Head cement is used just for glueing together not any build up effect right?


----------



## fishpimper (Nov 15, 2007)

*Surf Candy*

i use devcon 5 minute epoxy, be sure you buy the stuff that dries clear. 
These are the steps for applying the epoxy as Bob Popovic describes:
"make the first coat of five-minute epoxy very thin. As is begins to set, manipulate the wing to get the desired shape. When the first coat is dry, set a pair of mylar eyes in position. if you want gills, use a thin, permanent marking pen to draw in a curved slash. Then, apply a second thin coat of epoxy."
I like to use a needle to work the glue into the fibers while doing the first coat.

check out flyfisherman.com and then click on the fly-tyers bench. there is step by step instuctions with pictures on making the surf candy.


----------



## narfpoit (Jun 16, 2004)

Typically the longer the curing time the clearer the finished product. I like to use either something like easy sparkle body or 5 minute epoxy to first set the shape and then come back and recoat the fly with a 30 minute epoxy. it is helpful to have a drying wheel with the slow cure epoxy but I have done it with out it.
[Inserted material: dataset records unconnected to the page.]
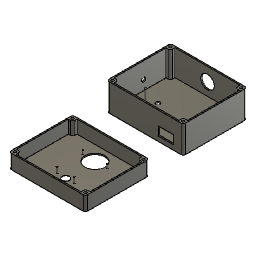
boitier v1 v4 (Autodesk Fusion 360 design; units mm, degrees)
Autodesk Fusion 360 part; units mm, degrees
sketch "Esquisse1" plane through (0, 0, 0) normal (0, 1, 0) x (1, 0, 0)
  arc A0 through (65, -26.5, 23.5) (64.1213, -26.5, 25.6213) (62, -26.5, 26.5)
  line L0 (65, -26.5, 23.5) -> (65, -26.5, -0.5)
  circle A1 through (4.9, -26.5, 0) (2.8, -26.5, 1.2124) (2.8, -26.5, -1.2124)
  circle A2 through (62.9, -26.5, 0) (60.8, -26.5, 1.2124) (60.8, -26.5, -1.2124)
  line L1 (3, -26.5, 26.5) -> (62, -26.5, 26.5)
  circle A3 through (62.9, -26.5, 23) (60.8, -26.5, 24.2124) (60.8, -26.5, 21.7876)
  circle A4 through (4.9, -26.5, 23) (2.8, -26.5, 24.2124) (2.8, -26.5, 21.7876)
  line L2 (62, -26.5, -3.5) -> (3, -26.5, -3.5)
  arc A5 through (62, -26.5, -3.5) (64.1213, -26.5, -2.6213) (65, -26.5, -0.5)
  arc A6 through (0, -26.5, -0.5) (0.8787, -26.5, -2.6213) (3, -26.5, -3.5)
  arc A7 through (3, -26.5, 26.5) (0.8787, -26.5, 25.6213) (0, -26.5, 23.5)
  line L3 (0, -26.5, -0.5) -> (0, -26.5, 23.5)
  point P0 (32.5, -26.5)
  point P1 (0, -26.5)
  point P2 (0, -26.5)
  point P3 (65, -26.5)
  point P4 (0, -26.5)
  point P5 (32.5, -26.5)
  dimension "d1" = 65
  dimension "d2" = 30
  dimension "d5" = 58
  dimension "d6" = 23
  dimension "d7" = 2.8
  dimension "d8" = 2.8
  dimension "d9" = 2.8
  dimension "d10" = 2.8
  dimension "d11" = 3
  constraint coincident P4 P2
  constraint coincident P5 P0
  measures "d1" distance of P4 P3
  measures "d2" distance of P4 P2
sketch "Esquisse2" plane through (0, 0, 0) normal (0, 0, 1) x (1, 0, 0)
  line L0 (-10, 65.4111) -> (75, 65.4111)
  line L1 (75, 65.4111) -> (75, -5)
  line L2 (75, -5) -> (-10, -5)
  line L3 (-10, -5) -> (-10, 65.4111)
  line L4 (-10, -5) -> (-5, -5)
  line L5 (-5, -5) -> (-5, 0)
  line L6 (-5, 0) -> (-10, 0)
  line L7 (-10, 0) -> (-10, -5)
  line L8 (75, -5) -> (70, -5)
  line L9 (70, -5) -> (70, 0)
  line L10 (70, 0) -> (75, 0)
  line L11 (75, 0) -> (75, -5)
  line L12 (-10, 65.4111) -> (-5, 65.4111)
  line L13 (-5, 65.4111) -> (-5, 60)
  line L14 (-5, 60) -> (-10, 60)
  line L15 (-10, 60) -> (-10, 65.4111)
  line L16 (75, 65.4111) -> (70, 65.4111)
  line L17 (70, 65.4111) -> (70, 60)
  line L18 (70, 60) -> (75, 60)
  line L19 (75, 60) -> (75, 65.4111)
  constraint horizontal L0
  constraint vertical L1
  constraint horizontal L2
  constraint vertical L3
  constraint horizontal L4
  constraint vertical L5
  constraint horizontal L6
  constraint vertical L7
  constraint horizontal L8
  constraint vertical L9
  constraint horizontal L10
  constraint vertical L11
  constraint horizontal L12
  constraint vertical L13
  constraint horizontal L14
  constraint vertical L15
  constraint horizontal L16
  constraint vertical L17
  constraint horizontal L18
  constraint vertical L19
extrude "Extrusion2" add sketch "Esquisse2" along normal blind 30 makes body 1
shell "Coque1" thickness 1.5 outward yes removed faces 1 at (20, 18.4704, 30) on bodies 1
extrude "Extrusion3" add sketch "Esquisse1" against normal blind 15 separate body contours A1 | A2 | A3 | A4 in plane through (0, 0, 26.5) normal (0, 0, -1) makes body 2 at (61.5349, 24.3996, 36.5) makes body 3 at (61.5349, 1.3996, 36.5) makes body 4 at (2.107, 22.8606, 36.5) makes body 5 at (2.107, -0.1394, 36.5)
move_face "DécalerLesFaces1" offset -0.25 4 faces at (2.107, 22.8606, 36.5) (61.5349, 24.3996, 36.5) (2.107, -0.1394, 36.5) (61.5349, 1.3996, 36.5) on bodies 2 3 4 5
move_body "Déplacer1" bodies 5 4 3 2 to x (1, 0, 0) y (0, 1, 0) z (0, 0, 1) at (0, 0, -27)
combine "Combiner1" operation add target body 1 tool bodies 4 5 2 3
sketch "Esquisse5" plane through (0, -6.5, 0) normal (0, -1, 0) x (1, 0, 0)
  line L0 (-11.5, -1.5) -> (76.5, -1.5)
  line L1 (76.5, -1.5) -> (76.5, 30)
  line L2 (76.5, 30) -> (-11.5, 30)
  line L3 (-11.5, 30) -> (-11.5, -1.5)
  line L4 (65, 27) -> (65, -6) construction
  line L5 (65, 4) -> (48, 4)
  line L6 (48, 4) -> (48, 14)
  line L7 (48, 14) -> (65, 14)
  line L8 (65, 14) -> (65, 4)
  dimension "d25" = 17
  dimension "d26" = 10
  constraint perpendicular L0 L4
  constraint horizontal L5
  constraint vertical L6
  constraint horizontal L7
  constraint vertical L8
  constraint coincident L4 L5.start
  measures "d25" distance of L5.start L5.end
  measures "d26" distance of L5.start L7.end
extrude "Extrusion4" cut sketch "Esquisse5" against normal blind 4 contours L5 L6 L7 L8 bodies 1
extrude "Extrusion5" add sketch "Esquisse2" along normal blind 30 contours L0 L3 L12 L13 L14 L15 | L0 L1 L16 L17 L18 L19 | L2 L3 L4 L5 L6 L7 | L1 L2 L8 L9 L10 L11 bodies 1
fillet "Congé1" radius 2.5 4 edges at (70, 60, 15) (70, 0, 15) (-5, 60, 15) (-5, 0, 15) on bodies 1
fillet "Congé2" radius 2.5 4 edges at (-11.5, 66.9111, 14.25) (76.5, 66.9111, 14.25) (-11.5, -6.5, 14.25) (76.5, -6.5, 14.25) on bodies 1
hole "Perçage1" at (-11.5, 34.3559, 11.1927) direction (1, 0, 0) diameter 5 depth 10 tip angle 118 bodies 1
hole "Perçage2" at (32.5, 66.9111, 14.25) direction (0, -1, 0) diameter 15.5 depth 10 tip angle 118 bodies 1
move_body "Déplacer2" bodies 1 to x (1, 0, 0) y (0, 1, 0) z (0, 0, 1) at (0, 0, 20)
extrude "Extrusion6" add sketch "Esquisse2" along normal blind 15 separate body makes body 6
shell "Coque2" thickness 1.5 outward yes removed faces 1 at (20, 18.4704, 0) on bodies 6
fillet "Congé3" radius 2.5 4 edges at (76.5, 66.9111, 8.25) (76.5, -6.5, 8.25) (-11.5, 66.9111, 8.25) (-11.5, -6.5, 8.25) on bodies 6
extrude "Extrusion7" add sketch "Esquisse2" along normal blind 15 contours L0 L3 L12 L13 L14 L15 | L0 L1 L16 L17 L18 L19 | L2 L3 L4 L5 L6 L7 | L1 L2 L8 L9 L10 L11 bodies 6
fillet "Congé4" radius 2.5 4 edges at (-5, 0, 7.5) (-5, 60, 7.5) (70, 60, 7.5) (70, 0, 7.5) on bodies 6
move_body "Déplacer3" bodies 1 to x (1, 0, 0) y (0, 1, 0) z (0, 0, 1) at (0, 0, -60)
sketch "Esquisse6" plane through (0, 0, 16.5) normal (0, 0, 1) x (1, 0, 0)
  arc A0 (-11.5, -4) -> (-9, -6.5) centre (-9, -4) ccw
  line L0 (-9, -6.5) -> (74, -6.5)
  arc A1 (74, -6.5) -> (76.5, -4) centre (74, -4) ccw
  line L1 (76.5, -4) -> (76.5, 64.4111)
  arc A2 (76.5, 64.4111) -> (74, 66.9111) centre (74, 64.4111) ccw
  line L2 (74, 66.9111) -> (-9, 66.9111)
  arc A3 (-9, 66.9111) -> (-11.5, 64.4111) centre (-9, 64.4111) ccw
  line L3 (-11.5, 64.4111) -> (-11.5, -4)
  line L4 (-10.7678, 66.1789) -> (75.7678, -5.7678) construction
  line L5 (75.7678, 66.1789) -> (-10.7678, -5.7678) construction
  line L6 (32.5, 66.9111) -> (32.5, -6.5) construction
  line L7 (-11.5, 30.2055) -> (76.5, 30.2055) construction
  line L8 (76.5, 30.2055) -> (32.5, -6.5) construction
  line L9 (32.5, -6.5) -> (-11.5, 30.2055) construction
  line L10 (10.5, 48.5583) -> (76.5, 48.5583) construction
  line L11 (10.5, 48.5583) -> (-11.5, 48.5583) construction
  line L12 (10.5, 11.8528) -> (76.5, 11.8528) construction
  line L13 (10.5, 11.8528) -> (-11.5, 11.8528) construction
  circle A4 centre (32.5, 11.8528) radius 11.5 construction
  line L14 (18.5, 18.3528) -> (46.5, 18.3528) construction
  line L15 (46.5, 18.3528) -> (46.5, 5.3528) construction
  line L16 (46.5, 5.3528) -> (18.5, 5.3528) construction
  line L17 (18.5, 5.3528) -> (18.5, 18.3528) construction
  line L18 (18.5, 18.3528) -> (46.5, 5.3528) construction
  line L19 (46.5, 18.3528) -> (18.5, 5.3528) construction
  circle A5 centre (32.5, 11.8528) radius 11.5
  circle A6 centre (18.5, 11.8528) radius 0.75
  circle A7 centre (46.5, 11.8528) radius 0.75
  line L20 (44.5, 61.0583) -> (20.5, 61.0583)
  line L21 (20.5, 61.0583) -> (20.5, 36.0583)
  line L22 (20.5, 36.0583) -> (44.5, 36.0583)
  line L23 (44.5, 36.0583) -> (44.5, 61.0583)
  line L24 (44.5, 61.0583) -> (20.5, 36.0583) construction
  line L25 (20.5, 61.0583) -> (44.5, 36.0583) construction
  line L26 (20.5, 36.0583) -> (44.5, 36.0583) construction
  line L27 (44.5, 36.0583) -> (44.5, 45.5583) construction
  line L28 (44.5, 45.5583) -> (20.5, 45.5583) construction
  line L29 (20.5, 45.5583) -> (20.5, 36.0583) construction
  line L30 (28.45, 49.6083) -> (36.55, 49.6083)
  line L31 (36.55, 49.6083) -> (36.55, 41.5083)
  line L32 (36.55, 41.5083) -> (28.45, 41.5083)
  line L33 (28.45, 41.5083) -> (28.45, 49.6083)
  line L34 (28.45, 49.6083) -> (36.55, 41.5083) construction
  line L35 (36.55, 49.6083) -> (28.45, 41.5083) construction
  line L36 (20.5, 61.0583) -> (22.5, 61.0583) construction
  line L37 (22.5, 61.0583) -> (22.5, 59.0583) construction
  line L38 (22.5, 59.0583) -> (20.5, 59.0583) construction
  line L39 (20.5, 59.0583) -> (20.5, 61.0583) construction
  line L40 (44.5, 61.0583) -> (42.5, 61.0583) construction
  line L41 (42.5, 61.0583) -> (42.5, 59.0583) construction
  line L42 (42.5, 59.0583) -> (44.5, 59.0583) construction
  line L43 (44.5, 59.0583) -> (44.5, 61.0583) construction
  line L44 (20.5, 36.0583) -> (22.5, 36.0583) construction
  line L45 (20.5, 38.0583) -> (20.5, 36.0583) construction
  line L46 (44.5, 36.0583) -> (42.5, 36.0583) construction
  line L47 (44.5, 38.0583) -> (44.5, 36.0583) construction
  circle A8 centre (22.5, 59.0583) radius 0.9
  circle A9 centre (42.5, 59.0583) radius 0.9
  line L48 (22.5, 61.0583) -> (22.5, 36.0583) construction
  line L49 (42.5, 61.0583) -> (42.5, 36.0583) construction
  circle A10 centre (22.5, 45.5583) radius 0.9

Also I have used a product called loon hard head it is a very clear one part coating but does not have near the durability of epoxy.


----------



## ghrousseau (Aug 31, 2007)

*30 minute epoxy will yellow less quickly*

5 minute is good for the build up but the 30 minute stuff will hold up better.

I coat my flies with flex coat rod wrapping finish and put them on a drying wheel. They hold up against the light. Also, try to store the flies out of direct sunlight and they will not yellow as quickly.


----------



## marstang50 (May 3, 2005)

thanks for the info


----------